CourtWyoming Supreme Court

Appeal from the District Court of Natrona County The Honorable Catherine E. Wilking, Judge

Representing Appellant:

Stephen R. Winship, Winship & Winship, P.C., Casper Wyoming. Argument by Mr. Winship.

Representing Appellee:

Timothy M. Stubson and Holly L. Tysse, Crowley Fleck, PLLP, Casper, Wyoming; Daniel A. Platt and Robert J. Catalano, Loeb & Loeb LLP, Los Angeles, California. Argument by Mr. Platt.

Before FOX, C.J., and DAVIS[*], KAUTZ, and GRAY, JJ., and RUMPKE[†], D.J.

GRAY JUSTICE

[¶1] After his claims for health insurance coverage were denied, David Peterson, [1] an insured under Memorial Hospital of Converse County's (Hospital) Health Benefit Plan (Plan), brought this action against the Hospital[2] and Meritain Health, Inc. (Meritain), the third-party administrator of the Plan. He sought to recover under theories of breach of the Plan contract, breach of the Administrative Services Agreement (ASA) between the Hospital and Meritain, and breach of the covenant of good faith and fair dealing. After Mr. Peterson filed a third amended complaint, Meritain moved for summary judgment on all claims.

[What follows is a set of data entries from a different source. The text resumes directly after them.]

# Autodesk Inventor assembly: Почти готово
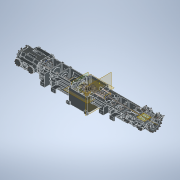
[picture p0: Inventor's stored thumbnail of the model, 180x180]
Saved by Autodesk Inventor 2021 (Build 250183000, 183)
## iProperties
Created: 2020-12-08
Part Number: Почти готово
Document SubType Name: Assembly
Designer: Тимоха
Author: Тимоха
## Documents named in this file (41)
- C:\Users\Тимоха\Desktop\КР Компрессор\compressor\Почти готово.iam
- C:\Users\Тимоха\Desktop\КР Компрессор\compressor\Картер.ipt
- C:\Users\Тимоха\Documents\Inventor\Content Center Files\R2021\ru-RU\Nut GOST 15524-70\Гайка M24-6H ГОСТ 15524-70.ipt
- C:\Users\Тимоха\Documents\Inventor\Content Center Files\R2021\ru-RU\GOST 11371-78  A\Шайба 27 ГОСТ 11371-78.ipt
- C:\Users\Тимоха\Desktop\КР Компрессор\compressor\Почти готово_CPY.iam
- C:\Users\Тимоха\Desktop\КР Компрессор\compressor\Вал.ipt
- C:\Users\Тимоха\Desktop\КР Компрессор\compressor\Нижняя часть коренного подшипника.ipt
- C:\Users\Тимоха\Desktop\КР Компрессор\compressor\Крышка коренного подшипника1.ipt
- C:\Users\Тимоха\Documents\Inventor\Content Center Files\R2021\ru-RU\Stud GOST 22038-76\Шпилька M24-6g×110 ГОСТ 22038-76.ipt
- C:\Users\Тимоха\Desktop\КР Компрессор\compressor\Под шатун.ipt
- C:\Users\Тимоха\Desktop\КР Компрессор\compressor\Шатун.ipt
- C:\Users\Тимоха\Desktop\КР Компрессор\compressor\Крышка стенки картера верх.ipt
- C:\Users\Тимоха\Desktop\КР Компрессор\compressor\Крышка стенки картера низ.ipt
- C:\Users\Тимоха\Desktop\КР Компрессор\compressor\Балка.ipt
- C:\Users\Тимоха\Documents\Inventor\Content Center Files\R2021\ru-RU\Bolt GOST R 50274-92\Болт M8-6g×16-F ГОСТ Р 50274-92.ipt
- C:\Users\Тимоха\Documents\Inventor\Content Center Files\R2021\ru-RU\Bolt GOST R 50274-92\Болт M8-6g×20-F ГОСТ Р 50274-92.ipt
- C:\Users\Тимоха\Desktop\КР Компрессор\compressor\Крышка картера 1.ipt
- C:\Users\Тимоха\Desktop\КР Компрессор\compressor\Крышка картера 2.ipt
- C:\Users\Тимоха\Desktop\КР Компрессор\compressor\Крышка картера 3.ipt
- C:\Users\Тимоха\Desktop\КР Компрессор\compressor\Крышка картера 4.ipt
- C:\Users\Тимоха\Desktop\КР Компрессор\compressor\Стяжка.ipt
- C:\Users\Тимоха\Documents\Inventor\Content Center Files\R2021\ru-RU\Nut GOST ISO 4034-2014\ГайкаM14ГОСТ ISO 4034-2014.ipt
- C:\Users\Тимоха\Desktop\КР Компрессор\compressor\Под стяжку.ipt
- C:\Users\Тимоха\Desktop\КР Компрессор\compressor\Под стяжку_MIR.ipt
- C:\Users\Тимоха\Desktop\КР Компрессор\compressor\Стяжка_MIR.ipt
- C:\Users\Тимоха\Desktop\КР Компрессор\compressor\Под стяжку_MIR1.ipt
- C:\Users\Тимоха\Desktop\КР Компрессор\compressor\Под стяжку_MIR_MIR.ipt
- C:\Users\Тимоха\Desktop\КР Компрессор\compressor\Корпус дросселя.ipt
- C:\Users\Тимоха\Desktop\КР Компрессор\compressor\Корпус сальника 1.ipt
- C:\Users\Тимоха\Desktop\КР Компрессор\compressor\Корпус сальника 2.ipt
- C:\Users\Тимоха\Desktop\КР Компрессор\compressor\Корпус сальника 3.ipt
- C:\Users\Тимоха\Desktop\КР Компрессор\compressor\Корпус сальника 4.ipt
- C:\Users\Тимоха\Desktop\КР Компрессор\compressor\Корпус сальника0.ipt
- C:\Users\Тимоха\Desktop\КР Компрессор\compressor\Крышка сальников.ipt
- C:\Users\Тимоха\Desktop\КР Компрессор\compressor\В сальник.ipt
- C:\Users\Тимоха\Desktop\КР Компрессор\compressor\Дроссельное кольцо.ipt
- C:\Users\Тимоха\Desktop\КР Компрессор\compressor\Кольцо сальника 1.ipt
- C:\Users\Тимоха\Desktop\КР Компрессор\compressor\Кольцо сальника 2.ipt
- C:\Users\Тимоха\Desktop\КР Компрессор\compressor\Кольцо сальника.ipt
- C:\Users\Тимоха\Desktop\КР Компрессор\compressor\Пружина дросселя.ipt
- C:\Users\Тимоха\Desktop\КР Компрессор\compressor\Пружина сальника.ipt
## Components (186 placed, 40 different names)
1. Картер:1 — Жесткий:406, Жесткий:407, Жесткий:410, Жесткий:411, Жесткий:412, Жесткий:421, Жесткий:422, Жесткий:423, Жесткий:428, Жесткий:429, Жесткий:431, Жесткий:433, Жесткий:434, Заподлицо:1, Заподлицо:2, Заподлицо:3, Заподлицо:4, Заподлицо:5, Заподлицо:6, Заподлицо:7, Заподлицо:8, Заподлицо:9, Жесткий:483, Жесткий:484, Заподлицо:14, Заподлицо:15, Заподлицо:16
2. Вал:1 — Цилиндрический:3, Жесткий:426, Совмещение:1, Жесткий:430, С поворотом:4
3. Нижняя часть коренного подшипника:1 — Жесткий:406, Цилиндрический:3, Жесткий:408
4. Нижняя часть коренного подшипника:2 — Жесткий:407, Жесткий:409
5. Нижняя часть коренного подшипника:3 — Жесткий:409
6. Нижняя часть коренного подшипника:4 — Жесткий:408
7. Крышка коренного подшипника1:1 — Жесткий:410
8. Крышка коренного подшипника1:2 — Жесткий:411, Совмещение:1
9. Шпилька ГОСТ 22038-76 M24-6g×110:1 — Жесткий:412, Жесткий:413, Жесткий:414
10. Гайка ГОСТ 15524-70 M24:54 — Жесткий:414
11. Шайба  ГОСТ 11371-78 28:22 — Жесткий:413
12. Шпилька ГОСТ 22038-76 M24-6g×110:2 — Жесткий:421
13. Гайка ГОСТ 15524-70 M24:55
14. Шайба  ГОСТ 11371-78 28:23
15. Шпилька ГОСТ 22038-76 M24-6g×110:3 — Жесткий:423
16. Гайка ГОСТ 15524-70 M24:56
17. Шайба  ГОСТ 11371-78 28:24
18. Шпилька ГОСТ 22038-76 M24-6g×110:4 — Жесткий:422
19. Гайка ГОСТ 15524-70 M24:57
20. Шайба  ГОСТ 11371-78 28:25
21. Под шатун:1 — Жесткий:425
22. Под шатун:2 — Жесткий:425, Жесткий:430
23. Под шатун:3 — Жесткий:426, Жесткий:427
24. Под шатун:4 — Жесткий:427, Цилиндрический:5
25. Почти готово_CPY:1 [sub-assembly] — Жесткий:429, С поворотом:5
26. Почти готово_CPY:2 [sub-assembly] — Жесткий:428, С поворотом:2, Заподлицо:7, Жесткий:546
27. Шатун:2 — Цилиндрический:5, С поворотом:2
28. Крышка стенки картера верх:1 — Жесткий:432, Жесткий:435, Жесткий:436, Жесткий:437, Жесткий:438, Жесткий:439, Жесткий:440, Жесткий:442, Жесткий:443, Жесткий:444, Жесткий:445, Жесткий:446, Жесткий:452, Жесткий:453, Жесткий:454, Жесткий:455, Жесткий:456, Жесткий:457, Жесткий:458
29. Крышка стенки картера низ:1 — Жесткий:431, Жесткий:432, Жесткий:447, Жесткий:448, Жесткий:449, Жесткий:450, Жесткий:451
30. Балка:1 — Жесткий:433
31. Балка:2 — Жесткий:434
32. Болт ГОСТ Р 50274-92 M8-6g×20-F:1 — Жесткий:435
33. Болт ГОСТ Р 50274-92 M8-6g×16-F:1 — Жесткий:439
34. Болт ГОСТ Р 50274-92 M8-6g×16-F:2 — Жесткий:436
35. Болт ГОСТ Р 50274-92 M8-6g×16-F:3 — Жесткий:440
36. Болт ГОСТ Р 50274-92 M8-6g×16-F:5 — Жесткий:438
37. Болт ГОСТ Р 50274-92 M8-6g×16-F:6 — Жесткий:442
38. Болт ГОСТ Р 50274-92 M8-6g×16-F:7 — Жесткий:437
39. Болт ГОСТ Р 50274-92 M8-6g×20-F:2 — Жесткий:443
40. Болт ГОСТ Р 50274-92 M8-6g×16-F:8 — Жесткий:446
41. Болт ГОСТ Р 50274-92 M8-6g×16-F:9 — Жесткий:444
42. Болт ГОСТ Р 50274-92 M8-6g×16-F:10 — Жесткий:450
43. Болт ГОСТ Р 50274-92 M8-6g×16-F:11 — Жесткий:451
44. Болт ГОСТ Р 50274-92 M8-6g×16-F:12 — Жесткий:445
45. Болт ГОСТ Р 50274-92 M8-6g×16-F:13 — Жесткий:447
46. Болт ГОСТ Р 50274-92 M8-6g×16-F:14 — Жесткий:449
47. Болт ГОСТ Р 50274-92 M8-6g×20-F:3 — Жесткий:452
48. Болт ГОСТ Р 50274-92 M8-6g×16-F:19 — Жесткий:448
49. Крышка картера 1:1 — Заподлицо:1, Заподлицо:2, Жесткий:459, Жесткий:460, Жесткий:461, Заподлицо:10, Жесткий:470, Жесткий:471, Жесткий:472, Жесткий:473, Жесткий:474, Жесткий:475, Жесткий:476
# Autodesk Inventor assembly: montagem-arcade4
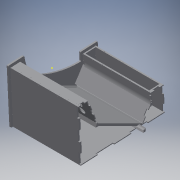
[picture p0: Inventor's stored thumbnail of the model, 180x180]
Saved by Autodesk Inventor 2016 (Build 200138000, 138)
## iProperties
Created: 2017-06-05
Part Number: montagem-arcade4
Material: Genérico
Document SubType Name: Assembly
Designer: Fabio
Author: Fabio
## Documents named in this file (15)
- C:\dev\arcade\montagem-arcade4.iam
- C:\dev\arcade\lateral.ipt
- C:\dev\arcade\traseira.ipt
- C:\dev\arcade\BASE.ipt
- C:\dev\arcade\frente inferior.ipt
- C:\dev\arcade\controles.ipt
- C:\dev\arcade\junta controler.ipt
- C:\dev\arcade\fechamento superior.ipt
- C:\dev\arcade\letreiro.ipt
- C:\dev\arcade\fechamento inferior.ipt
- C:\dev\arcade\junta auto falante.ipt
- C:\dev\arcade\placa auto falante.ipt
- C:\dev\arcade\tela.ipt
- C:\dev\arcade\juncao controle tela.ipt
- C:\dev\arcade\juncao tela - som.ipt
## Components (14 placed, 14 different names)
1. lateral:2 — Mate:3, Flush:5, Flush:6, Mate:9, Mate:12, Mate:15, Coincidência:21
2. traseira:1 — Mate:3, Flush:5, Flush:6, Mate:5, Flush:7, Mate:7, Mate:14, Flush:10, Alinhamento:22
3. BASE:1 — Mate:5, Flush:7, Mate:7, Mate:8, Flush:8, Coincidência:21
4. frente inferior:1 — Mate:8, Flush:8, Mate:9, Mate:10, Mate:11
5. junta controler:1 — Mate:10, Mate:11, Mate:12, Mate:13, Flush:9
6. controles:1 — Mate:13, Flush:9, Alinhamento:19
7. fechamento superior:1 — Mate:14, Flush:10, Mate:15, Flush:11, Flush:12, Mate:16, Alinhamento:21, Alinhamento:22
8. letreiro:1 — Flush:11, Flush:12, Mate:16, Flush:13, Mate:17, Flush:14, Alinhamento:21
9. fechamento inferior:1 — Flush:13, Mate:17, Flush:14, Alinhamento:16, Coincidência:19, Alinhamento:17
10. junta auto falante:1 — Coincidência:19, Alinhamento:17, Coincidência:20, Alinhamento:18
11. placa auto falante:1 — Alinhamento:16, Coincidência:20, Alinhamento:18
12. tela:1 — Alinhamento:20
13. juncao controle tela:1 — Alinhamento:19, Alinhamento:20
14. juncao tela - som:1
## Relationships (33: Flush 17, Mate 16)
- Mate:3 (-8 mm): lateral:2 ↔ traseira:1
- Flush:5: lateral:2 ↔ traseira:1
- Flush:6 (10 mm): lateral:2 ↔ traseira:1
- Mate:5 (-4 mm): traseira:1 ↔ BASE:1
- Flush:7: traseira:1 ↔ BASE:1
- Mate:7 (-4 mm): traseira:1 ↔ BASE:1
- Mate:8 (-8 mm): BASE:1 ↔ frente inferior:1
- Flush:8: BASE:1 ↔ frente inferior:1
- Mate:9 (-8 mm): lateral:2 ↔ frente inferior:1
- Mate:10: frente inferior:1 ↔ junta controler:1
- Mate:11: frente inferior:1 ↔ junta controler:1
- Mate:12: lateral:2 ↔ junta controler:1
- Mate:13: junta controler:1 ↔ controles:1
- Flush:9 (-8 mm): junta controler:1 ↔ controles:1
- Mate:14 (-4 mm): traseira:1 ↔ fechamento superior:1
- Flush:10: traseira:1 ↔ fechamento superior:1
- Mate:15 (-8 mm): lateral:2 ↔ fechamento superior:1
- Flush:11: fechamento superior:1 ↔ letreiro:1
- Flush:12: fechamento superior:1 ↔ letreiro:1
- Mate:16 (-4 mm): fechamento superior:1 ↔ letreiro:1
- Flush:13: letreiro:1 ↔ fechamento inferior:1
- Mate:17 (-4 mm): letreiro:1 ↔ fechamento inferior:1
- Flush:14: letreiro:1 ↔ fechamento inferior:1
- Alinhamento:16 [Flush]: fechamento inferior:1 ↔ placa auto falante:1
- Coincidência:19 [Mate]: fechamento inferior:1 ↔ junta auto falante:1
- Alinhamento:17 [Flush]: fechamento inferior:1 ↔ junta auto falante:1
- Coincidência:20 [Mate]: junta auto falante:1 ↔ placa auto falante:1
- Alinhamento:18 [Flush]: junta auto falante:1 ↔ placa auto falante:1
- Alinhamento:19 [Flush]: controles:1 ↔ juncao controle tela:1
- Alinhamento:20 [Flush]: tela:1 ↔ juncao controle tela:1
- Coincidência:21 [Mate] (-8 mm): lateral:2 ↔ BASE:1
- Alinhamento:21 [Flush]: fechamento superior:1 ↔ letreiro:1
- Alinhamento:22 [Flush]: traseira:1 ↔ fechamento superior:1
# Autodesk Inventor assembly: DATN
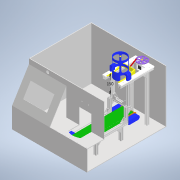
[picture p0: Inventor's stored thumbnail of the model, 180x180]
Saved by Autodesk Inventor 2020 (Build 240168000, 168)
## iProperties
Created: 2022-12-11
Part Number: DATN
Document SubType Name: Assembly
Designer: ADMIN
Author: ADMIN
## Documents named in this file (3)
- D:\Do-an-tot-nghiep\Inventor\DATN.iam
- D:\Do-an-tot-nghiep\Inventor\Vỏ máy.iam
- D:\Do-an-tot-nghiep\Inventor\Khung máy.iam
## Components (2 placed, 2 different names)
1. Vỏ máy:1 [sub-assembly] — Mate:1, Flush:1
2. Khung máy:2 [sub-assembly] — Mate:1, Flush:2
## Relationships (3: Flush 2, Mate 1)
- Mate:1: Vỏ máy:1 ↔ Khung máy:2
- Flush:1 (-150 mm): Vỏ máy:1
- Flush:2 (-80 mm): Khung máy:2
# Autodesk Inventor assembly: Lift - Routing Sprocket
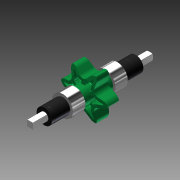
[picture p0: Inventor's stored thumbnail of the model, 180x180]
Saved by Autodesk Inventor 2012 (Build 160160000, 160)
## iProperties
Created: 2011-09-11
Part Number: Lift - Routing Sprocket
Document SubType Name: Assembly
Designer: Wade
Author: Wade
## Documents named in this file (6)
- C:\Users\Wade\Documents\1103 Robot - CAD Assembly\Lift - Routing Sprocket.iam
- C:\Users\Wade\Documents\24C VEX CAD Files\Drive Shafts\Drive Shaft (Square Bar) 2.5''.ipt
- C:\Users\Wade\Documents\24C VEX CAD Files\Gears & Pulleys\High Strength 6-Tooth Sprocket.ipt
- C:\Users\Wade\Documents\24C VEX CAD Files\Other Parts\Shaft Collar (with Set Screw Installed).ipt
- C:\Users\Wade\Documents\24C VEX CAD Files\Washers & Spacers\Spacer (Thin), 4.6mm.ipt
- C:\Users\Wade\Documents\24C VEX CAD Files\Washers & Spacers\Spacer (Thick), 8mm.ipt
## Components (8 placed, 5 different names)
1. Drive Shaft (Square Bar) 2.5'':1 — Mate:1, Mate:2, Flush:1, Flush:2, Flush:4, Flush:5
2. High Strength 6-Tooth Sprocket:1 — Mate:1, Mate:2, Flush:1, Mate:3, Mate:4, Mate:5, Mate:6, Mate:8, Mate:11
3. Shaft Collar (with Set Screw Installed):1 — Flush:2, Mate:3, Mate:4, Flush:3, Mate:10
4. Shaft Collar (with Set Screw Installed):2 — Mate:5, Mate:6, Flush:3, Mate:7
5. Spacer (Thin), 4.6mm:1 — Mate:9, Flush:4
6. Spacer (Thick), 8mm:1 — Mate:7, Mate:8, Mate:9
7. Spacer (Thick), 8mm:2 — Mate:10, Mate:11, Mate:12
8. Spacer (Thin), 4.6mm:2 — Mate:12, Flush:5
## Relationships (17: Mate 12, Flush 5)
- Mate:1: Drive Shaft (Square Bar) 2.5'':1 ↔ High Strength 6-Tooth Sprocket:1
- Mate:2: Drive Shaft (Square Bar) 2.5'':1 ↔ High Strength 6-Tooth Sprocket:1
- Flush:1 (23.8125 mm): Drive Shaft (Square Bar) 2.5'':1 ↔ High Strength 6-Tooth Sprocket:1
- Flush:2: Drive Shaft (Square Bar) 2.5'':1 ↔ Shaft Collar (with Set Screw Installed):1
- Mate:3: High Strength 6-Tooth Sprocket:1 ↔ Shaft Collar (with Set Screw Installed):1
- Mate:4: High Strength 6-Tooth Sprocket:1 ↔ Shaft Collar (with Set Screw Installed):1
- Mate:5: High Strength 6-Tooth Sprocket:1 ↔ Shaft Collar (with Set Screw Installed):2
- Mate:6: High Strength 6-Tooth Sprocket:1 ↔ Shaft Collar (with Set Screw Installed):2
- Flush:3: Shaft Collar (with Set Screw Installed):1 ↔ Shaft Collar (with Set Screw Installed):2
- Mate:7: Shaft Collar (with Set Screw Installed):2 ↔ Spacer (Thick), 8mm:1
- Mate:8: High Strength 6-Tooth Sprocket:1 ↔ Spacer (Thick), 8mm:1
- Mate:9: Spacer (Thin), 4.6mm:1 ↔ Spacer (Thick), 8mm:1
- Flush:4 (7.5184 mm): Drive Shaft (Square Bar) 2.5'':1 ↔ Spacer (Thin), 4.6mm:1
- Mate:10: Shaft Collar (with Set Screw Installed):1 ↔ Spacer (Thick), 8mm:2
- Mate:11: High Strength 6-Tooth Sprocket:1 ↔ Spacer (Thick), 8mm:2
- Mate:12: Spacer (Thick), 8mm:2 ↔ Spacer (Thin), 4.6mm:2
- Flush:5 (7.5184 mm): Drive Shaft (Square Bar) 2.5'':1 ↔ Spacer (Thin), 4.6mm:2

[¶2] The district court granted summary judgment to Meritain, holding that, lacking privity of contract, Mr. Peterson had no cause of action for breach of contract against a third-party administrator. Mr. Peterson had no cognizable claim under the ASA as he was not an intended third-party beneficiary as a matter of law. Without a contract, Mr. Peterson could not assert a cause of action for bad faith against Meritain. The district court also denied Mr. Peterson's motion for sanctions against Meritain on its discovery conduct and his motion to compel production of Meritain's personnel files. Mr. Peterson appeals the summary judgment and discovery rulings. There are genuine issues of material fact regarding Mr. Peterson's breach of contract claim, his third-party beneficiary claim, and his claim for breach of the covenant of good faith and fair dealing. We reverse in part, affirm in part, and remand for further proceedings.

ISSUES

[¶3] The issues are:

I. Does New York law apply?
II. Is Meritain entitled to summary judgment on Mr. Peterson's claim for breach of the Plan?
A. Can plan participants sue third-party administrators for breach of the insurance contract?
B. Does the Plan's use of ERISA language give Mr. Peterson the right to sue Meritain for breach of the Plan?
C. If Meritain was acting as the Hospital's agent, can Mr. Peterson assert a claim against it for breach of the Plan?
D. If Meritain was the Hospital's agent and acted without authority, can it be liable to Mr. Peterson under the Plan?
III. Is Meritain entitled to summary judgment on Mr. Peterson's third-party beneficiary claim for breach of the ASA?
A. Are there questions of fact as to whether Mr. Peterson was a third-party beneficiary of the ASA?
B. Did Meritain's and the Hospital's course of conduct modify the terms of the ASA?
IV. Is Meritain entitled to summary judgment on Mr. Peterson's claim for breach of the covenant of good faith and fair dealing?
A. Can insurance plan participants sue third-party administrators in bad faith, when there is no contract between the participants and the third-party administrator?
B. Are there genuine issues of material fact precluding summary judgment on Mr. Peterson's claim for breach of the covenant of good faith and fair dealing?
V. Can Mr. Peterson recover punitive damages or attorney fees?
VI. Did the district court abuse its discretion when it did not impose sanctions for Meritain's conduct during discovery or when it denied Mr. Peterson's request for personnel files?
FACTS
The Hospital's Health Benefit Plan

[¶4] The Hospital provided a self-funded health insurance plan for its employees. The Plan was drafted by Meritain, and Meritain's name appears on its cover.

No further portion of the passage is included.